Estamos outorgando, ao arrepio das aspirações nacionais, a exclusiva e irrestrita competência do presidente da República para indulgenciar qualquer pena

Publicado em 03/12/2018 às 09h46
Sessão plenária na Câmara dos Deputados, em Brasília (Marcelo Camargo/Agência Brasil). Crédito: Marcelo Camargo/Agência Brasil
Sessão plenária na Câmara dos Deputados, em Brasília (Marcelo Camargo/Agência Brasil). Crédito: Marcelo Camargo/Agência Brasil

Cariê Lindenberg*

Pelo andar da carruagem, os brasileiros avizinham-se de conhecer uma decisão judicial das mais importantes já adotadas neste país. Tal definição servirá como um balizamento a determinar agora se o Brasil opta pelo combate ao difundidíssimo crime do colarinho branco ou se, ao contrário, pretende estimulá-lo cada vez mais.

Há ainda em vigor em nosso país um nefasto compadrio político absolutamente deturbado, associado a conhecidos ou ainda camuflados em empresários inescrupulosos.

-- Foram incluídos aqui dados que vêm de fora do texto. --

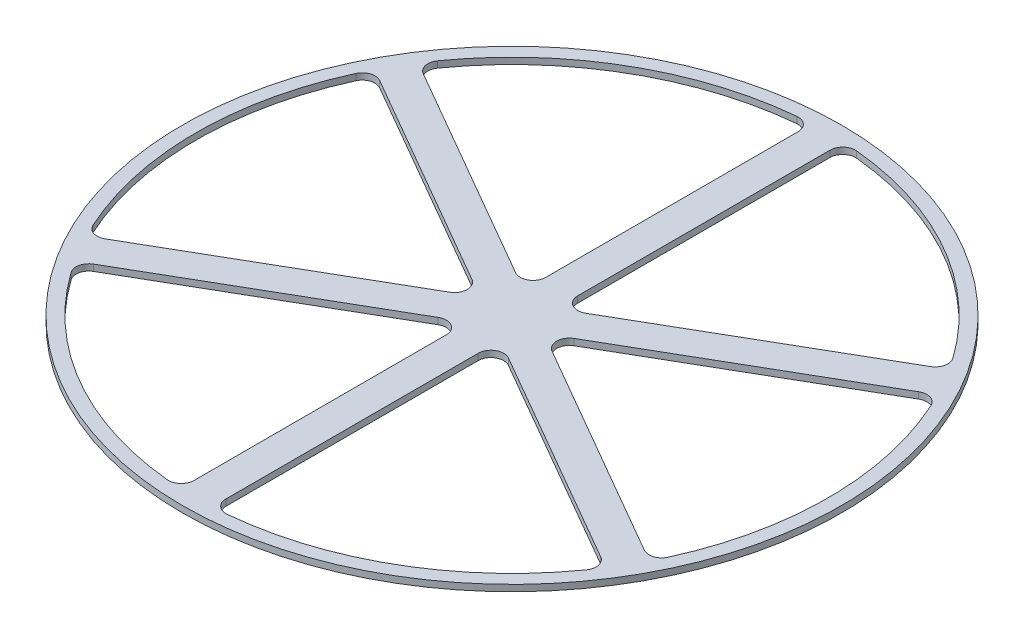
from build123d import *

# Parameters (mm, degrees)
BOSS_EXTRUDE1_DEPTH = 2.54
BOSS_EXTRUDE2_START = -2.54
BOSS_EXTRUDE2_DEPTH = 2.54
CIRPATTERN1_COUNT   = 6
FILLET1_R           = 5.08
FILLET2_R           = 5.08


with BuildPart() as part:
    # Sketch2 → Boss-Extrude1 (new body)
    with BuildSketch(Plane(origin=(0, 0, 0), x_dir=(1, 0, 0), z_dir=(0, 1, 0))):
        with BuildLine():
            Line((110.196456712, 70.954302365), (6.35, 10.998522628))
            Line((6.35, 10.998522628), (6.35, 130.910082102))
            ThreePointArc((6.35, 130.910082102), (0, 131.064), (-6.35, 130.910082102))
            Line((-6.35, 130.910082102), (-6.35, 10.998522628))
            Line((-6.35, 10.998522628), (-110.196456712, 70.954302365))
            ThreePointArc((-110.196456712, 70.954302365), (-113.504753522, 65.532), (-116.546456712, 59.955779737))
            Line((-116.546456712, 59.955779737), (-12.7, 0))
            Line((-12.7, 0), (-116.546456712, -59.955779737))
            ThreePointArc((-116.546456712, -59.955779737), (-113.504753522, -65.532), (-110.196456712, -70.954302365))
            Line((-110.196456712, -70.954302365), (-6.35, -10.998522628))
            Line((-6.35, -10.998522628), (-6.35, -130.910082102))
            ThreePointArc((-6.35, -130.910082102), (0, -131.064), (6.35, -130.910082102))
            Line((6.35, -130.910082102), (6.35, -10.998522628))
            Line((6.35, -10.998522628), (110.196456712, -70.954302365))
            ThreePointArc((110.196456712, -70.954302365), (113.504753522, -65.532), (116.546456712, -59.955779737))
            Line((116.546456712, -59.955779737), (12.7, 0))
            Line((12.7, 0), (116.546456712, 59.955779737))
            ThreePointArc((116.546456712, 59.955779737), (113.504753522, 65.532), (110.196456712, 70.954302365))
        make_face()
    extrude(amount=BOSS_EXTRUDE1_DEPTH)

    # Sketch3 → Boss-Extrude2 (add)
    with BuildSketch(Plane(origin=(0, 2.54, 0), x_dir=(1, 0, 0), z_dir=(0, 1, 0)).offset(BOSS_EXTRUDE2_START)):
        with BuildLine():
            Line((-69.85, 110.899727664), (-69.85, 104.549727664))
            ThreePointArc((-69.85, 104.549727664), (0, 125.736502475), (69.85, 104.549727664))
            Line((69.85, 104.549727664), (69.85, 110.899727664))
            ThreePointArc((69.85, 110.899727664), (0, 131.064), (-69.85, 110.899727664))
        make_face()
    boss_extrude2 = extrude(amount=BOSS_EXTRUDE2_DEPTH)

    # CirPattern1: Boss-Extrude2 ×6 about axis
    cirpattern1_axis = Axis((0, 2.54, 0), (0, -1, 0))
    for i in range(1, CIRPATTERN1_COUNT):
        add(boss_extrude2.rotate(cirpattern1_axis, i * 360 / CIRPATTERN1_COUNT))

    # Fillet1
    fillet1_edges = [part.edges().sort_by_distance(p)[0] for p in [
        (111.927053617, 1.27, -57.288766117),
        (105.577053617, 1.27, -68.287288745),
        (-6.35, 1.27, -125.576054862),
        (6.35, 1.27, -125.576054862),
        (-105.577053617, 1.27, -68.287288745),
        (-111.927053617, 1.27, -57.288766117),
        (-111.927053617, 1.27, 57.288766117),
        (-105.577053617, 1.27, 68.287288745),
        (-6.35, 1.27, 125.576054862),
        (6.35, 1.27, 125.576054862),
        (105.577053617, 1.27, 68.287288745),
        (111.927053617, 1.27, 57.288766117),
    ]]
    fillet(fillet1_edges, radius=FILLET1_R)

    # Fillet2
    fillet2_edges = [part.edges().sort_by_distance(p)[0] for p in [
        (6.35, 1.27, -10.998522628),
        (12.7, 1.27, 0),
        (6.35, 1.27, 10.998522628),
        (-6.35, 1.27, 10.998522628),
        (-12.7, 1.27, 0),
        (-6.35, 1.27, -10.998522628),
    ]]
    fillet(fillet2_edges, radius=FILLET2_R)


solid = part.part
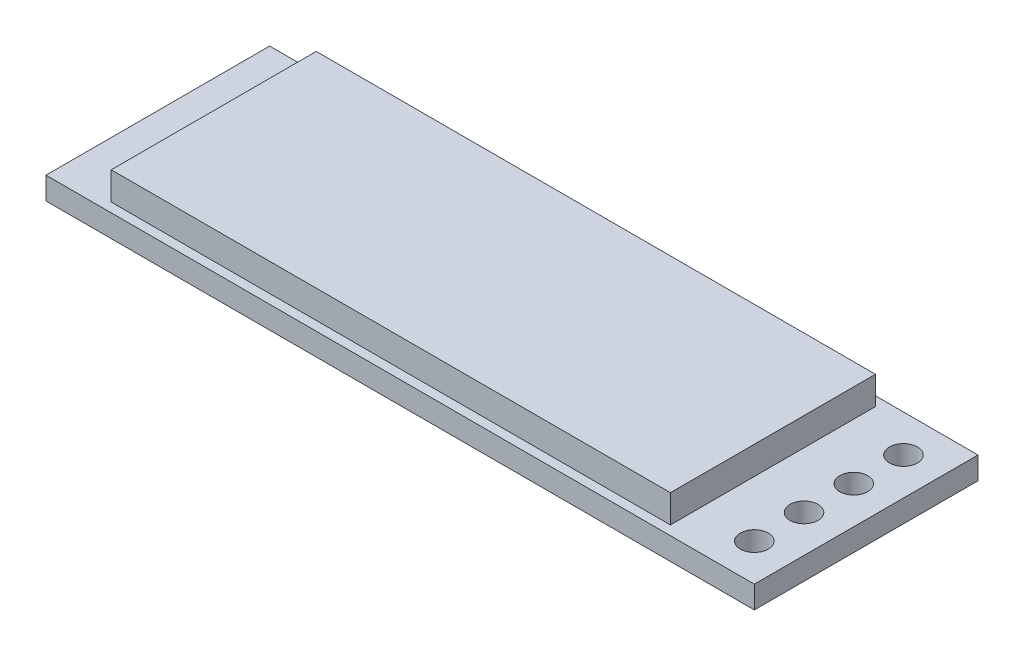
from build123d import *

# Parameters (mm, degrees)
SKETCH_1_W          = 38
SKETCH_1_H          = 12
EXTRUDE_1_DEPTH     = 1.2
SKETCH_2_W          = 30
SKETCH_2_H          = 11
EXTRUDE_2_DEPTH     = 2.7
SKETCH_3_R          = 0.75
CUT_EXTRUDE_2_DEPTH = 39.565399
EXTRUDE_START       = 1.2
SKETCH_4_W          = 2
SKETCH_4_H          = 10
SKETCH_4_H_2        = 1.370131764
EXTRUDE_3_DEPTH     = 2


with BuildPart() as part:
    # Эскиз1 → Бобышка-Вытянуть1 (new body)
    with BuildSketch(Plane(origin=(0, 0, 0), x_dir=(1, 0, 0), z_dir=(0, 1, 0))):
        with Locations((-19, 0)):
            Rectangle(SKETCH_1_W, SKETCH_1_H)
    extrude(amount=EXTRUDE_1_DEPTH)

    # Эскиз2 → Бобышка-Вытянуть2 (add)
    with BuildSketch(Plane(origin=(0, 0, 0), x_dir=(1, 0, 0), z_dir=(0, 1, 0))):
        with Locations((-20, 0)):
            Rectangle(SKETCH_2_W, SKETCH_2_H)
    extrude(amount=EXTRUDE_2_DEPTH)

    # Эскиз3 → Вырез-Вытянуть2 (cut, through all)
    with BuildSketch(Plane(origin=(0, 0, 0), x_dir=(1, 0, 0), z_dir=(0, 1, 0))):
        with Locations(Location((-2, 4, 0), (0, 0, 90))):
            Circle(SKETCH_3_R)
        with Locations(Location((-2, 1.333333333, 0), (0, 0, 90))):
            Circle(SKETCH_3_R)
        with Locations(Location((-2, -1.333333333, 0), (0, 0, 90))):
            Circle(SKETCH_3_R)
        with Locations(Location((-2, -4, 0), (0, 0, 90))):
            Circle(SKETCH_3_R)
    extrude(amount=CUT_EXTRUDE_2_DEPTH, mode=Mode.SUBTRACT)

    # Эскиз4 → Бобышка-Вытянуть3 (add)
    with BuildSketch(Plane(origin=(0, 0, 0), x_dir=(1, 0, 0), z_dir=(0, 1, 0)).offset(EXTRUDE_START)):
        with Locations((-23, 0)):
            Rectangle(SKETCH_4_W, SKETCH_4_H)
        with Locations((-16, 0)):
            Rectangle(SKETCH_4_W, SKETCH_4_H)
        with Locations((-10.327262123, 1.918184469)):
            Rectangle(SKETCH_4_W, SKETCH_4_H_2)
    extrude(amount=-EXTRUDE_3_DEPTH)


solid = part.part
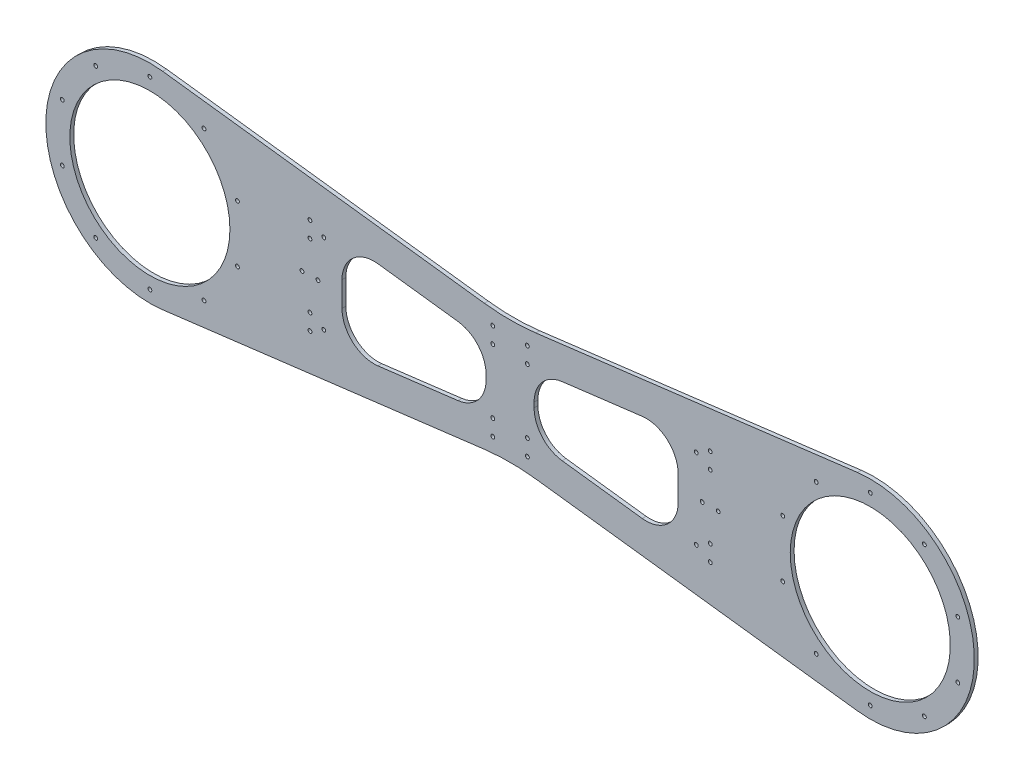
from build123d import *

# Parameters (mm, degrees)
SKETCH1_R           = 250
SKETCH1_R_2         = 6
BOSS_EXTRUDE1_DEPTH = 12
FILLET1_R           = 650
FILLET2_R           = 100


with BuildPart() as part:
    # Sketch1 → Boss-Extrude1 (new body)
    with BuildSketch(Plane.XY):
        with BuildLine():
            Line((-1084.863121667, 322.512063337), (0, 187.5))
            Line((0, 187.5), (0, -187.5))
            Line((0, -187.5), (-1084.863121667, -322.512063337))
            ThreePointArc((-1084.863121667, -322.512063337), (-1450, 0), (-1084.863121667, 322.512063337))
        make_face()
        with Locations((-1125, 0)):
            Circle(SKETCH1_R, mode=Mode.SUBTRACT)
        with Locations((-1125, 287.5)):
            Circle(SKETCH1_R_2, mode=Mode.SUBTRACT)
        with Locations((-956.011739966, 232.592385883)):
            Circle(SKETCH1_R_2, mode=Mode.SUBTRACT)
        with Locations((-851.571251565, 88.842385883)):
            Circle(SKETCH1_R_2, mode=Mode.SUBTRACT)
        with Locations((-851.571251565, -88.842385883)):
            Circle(SKETCH1_R_2, mode=Mode.SUBTRACT)
        with Locations((-956.011739966, -232.592385883)):
            Circle(SKETCH1_R_2, mode=Mode.SUBTRACT)
        with Locations((-1125, -287.5)):
            Circle(SKETCH1_R_2, mode=Mode.SUBTRACT)
        with Locations((-1293.988260034, -232.592385883)):
            Circle(SKETCH1_R_2, mode=Mode.SUBTRACT)
        with Locations((-1398.428748435, -88.842385883)):
            Circle(SKETCH1_R_2, mode=Mode.SUBTRACT)
        with Locations((-1398.428748435, 88.842385883)):
            Circle(SKETCH1_R_2, mode=Mode.SUBTRACT)
        with Locations((-1293.988260034, 232.592385883)):
            Circle(SKETCH1_R_2, mode=Mode.SUBTRACT)
        with Locations((-625, 150)):
            Circle(SKETCH1_R_2, mode=Mode.SUBTRACT)
        with Locations((-625, 100)):
            Circle(SKETCH1_R_2, mode=Mode.SUBTRACT)
        with Locations((-581.698729811, 125)):
            Circle(SKETCH1_R_2, mode=Mode.SUBTRACT)
        with Locations(Location((-625, -150, 0), (0, 0, 180))):
            Circle(SKETCH1_R_2, mode=Mode.SUBTRACT)
        with Locations(Location((-581.698729811, -125, 0), (0, 0, 180))):
            Circle(SKETCH1_R_2, mode=Mode.SUBTRACT)
        with Locations(Location((-625, -100, 0), (0, 0, 180))):
            Circle(SKETCH1_R_2, mode=Mode.SUBTRACT)
        with Locations((-600, 0)):
            Circle(SKETCH1_R_2, mode=Mode.SUBTRACT)
        with Locations((-650, 0)):
            Circle(SKETCH1_R_2, mode=Mode.SUBTRACT)
        with Locations((-54, 150)):
            Circle(SKETCH1_R_2, mode=Mode.SUBTRACT)
        with Locations((-54, 100)):
            Circle(SKETCH1_R_2, mode=Mode.SUBTRACT)
        with Locations(Location((-54, -150, 0), (0, 0, 180))):
            Circle(SKETCH1_R_2, mode=Mode.SUBTRACT)
        with Locations(Location((-54, -100, 0), (0, 0, 180))):
            Circle(SKETCH1_R_2, mode=Mode.SUBTRACT)
        Polygon((-75, 96.062384241), (-75, -96.062384241), (-525, -152.065235926), (-525, 152.065235926), align=None, mode=Mode.SUBTRACT)
    boss_extrude1 = extrude(amount=BOSS_EXTRUDE1_DEPTH)

    # Mirror1: Boss-Extrude1 across plane
    add(boss_extrude1.mirror(Plane(origin=(0, -187.5, 12), x_dir=(0, 0, 1), z_dir=(-1, 0, 0))))

    # Fillet1
    fillet1_edges = [part.edges().sort_by_distance(p)[0] for p in [
        (0, 187.5, 6),
        (0, -187.5, 6),
    ]]
    fillet(fillet1_edges, radius=FILLET1_R)

    # Fillet2
    fillet2_edges = [part.edges().sort_by_distance(p)[0] for p in [
        (75, 96.062384241, 6),
        (75, -96.062384241, 6),
        (525, -152.065235926, 6),
        (525, 152.065235926, 6),
        (-75, 96.062384241, 6),
        (-525, 152.065235926, 6),
        (-525, -152.065235926, 6),
        (-75, -96.062384241, 6),
    ]]
    fillet(fillet2_edges, radius=FILLET2_R)


solid = part.part

Juntos, eles dilapidam os recursos públicos de obras imprescindíveis. E por fim são indultados.

Essa decisão que está em andamento é de vital importância para confortar ou desacreditar de vez a cidadania de todos nós, brasileiros. Trata-se de revalidar ou não o indulto natalino do presidente da República do ano de 2017. Do resultado dessa resolução, que já caminha mal, dependerá o estímulo à edição para outros crimes ainda piores, certamente mais amplos e liberais, alvos das maiores bondades neste final inglório do mandato do presidente Temer.

Nele uma vez mais serão contemplados todos os larápios dos colarinhos brancos da intimidade e escorados na espúria clemência governamental, já julgados, e talvez outros preventivamente, com processos e crimes ainda por julgar. Ignomínia maior é o fato de existirem pessoas que em sã consciência abrem os portões da cadeia para essa fina flor da ladroagem nacional. Não há como nem por que nos iludirmos. Está chegando aí celeremente algo ainda pior do que o indulto editado ano passado.

A decisão que parece avançar consagrará o indulto de Natal como algo da competência e amplitude para quaisquer que vierem a ser os presidentes do país. Estamos outorgando ao arrepio das aspirações nacionais a exclusiva e irrestrita competência do presidente da República para indulgenciar qualquer pena. É como se estivéssemos entronizando nos indultos de Natal poderes como os que detêm os tiranos autorizados a fazer o que queiram, semelhantemente aos ditadores disfarçados em títeres contumazes tão em moda na atualidade. Eles, a olhos nus , apossam-se dos bens e dinheiros impunemente. Eles não estão tão longe quanto se presume...

A amplitude que ora se quer outorgar aos presidentes é ainda maior e mais nefasto do que isso: ao tempo em que eles forem isentados do cumprimento de suas penas já consagradas pela própria Justiça, cegamente estaremos outorgando e consagrando um generosíssimo e inconcebível largo portão que estimulará cada vez mais os crimes apenados. Isso representa horripilante desrespeito aos julgadores, retrocesso e negação a todas a ações coercitivas dessa roubalheira endêmica entranhada nos ilícitos desta nossa espoliada República.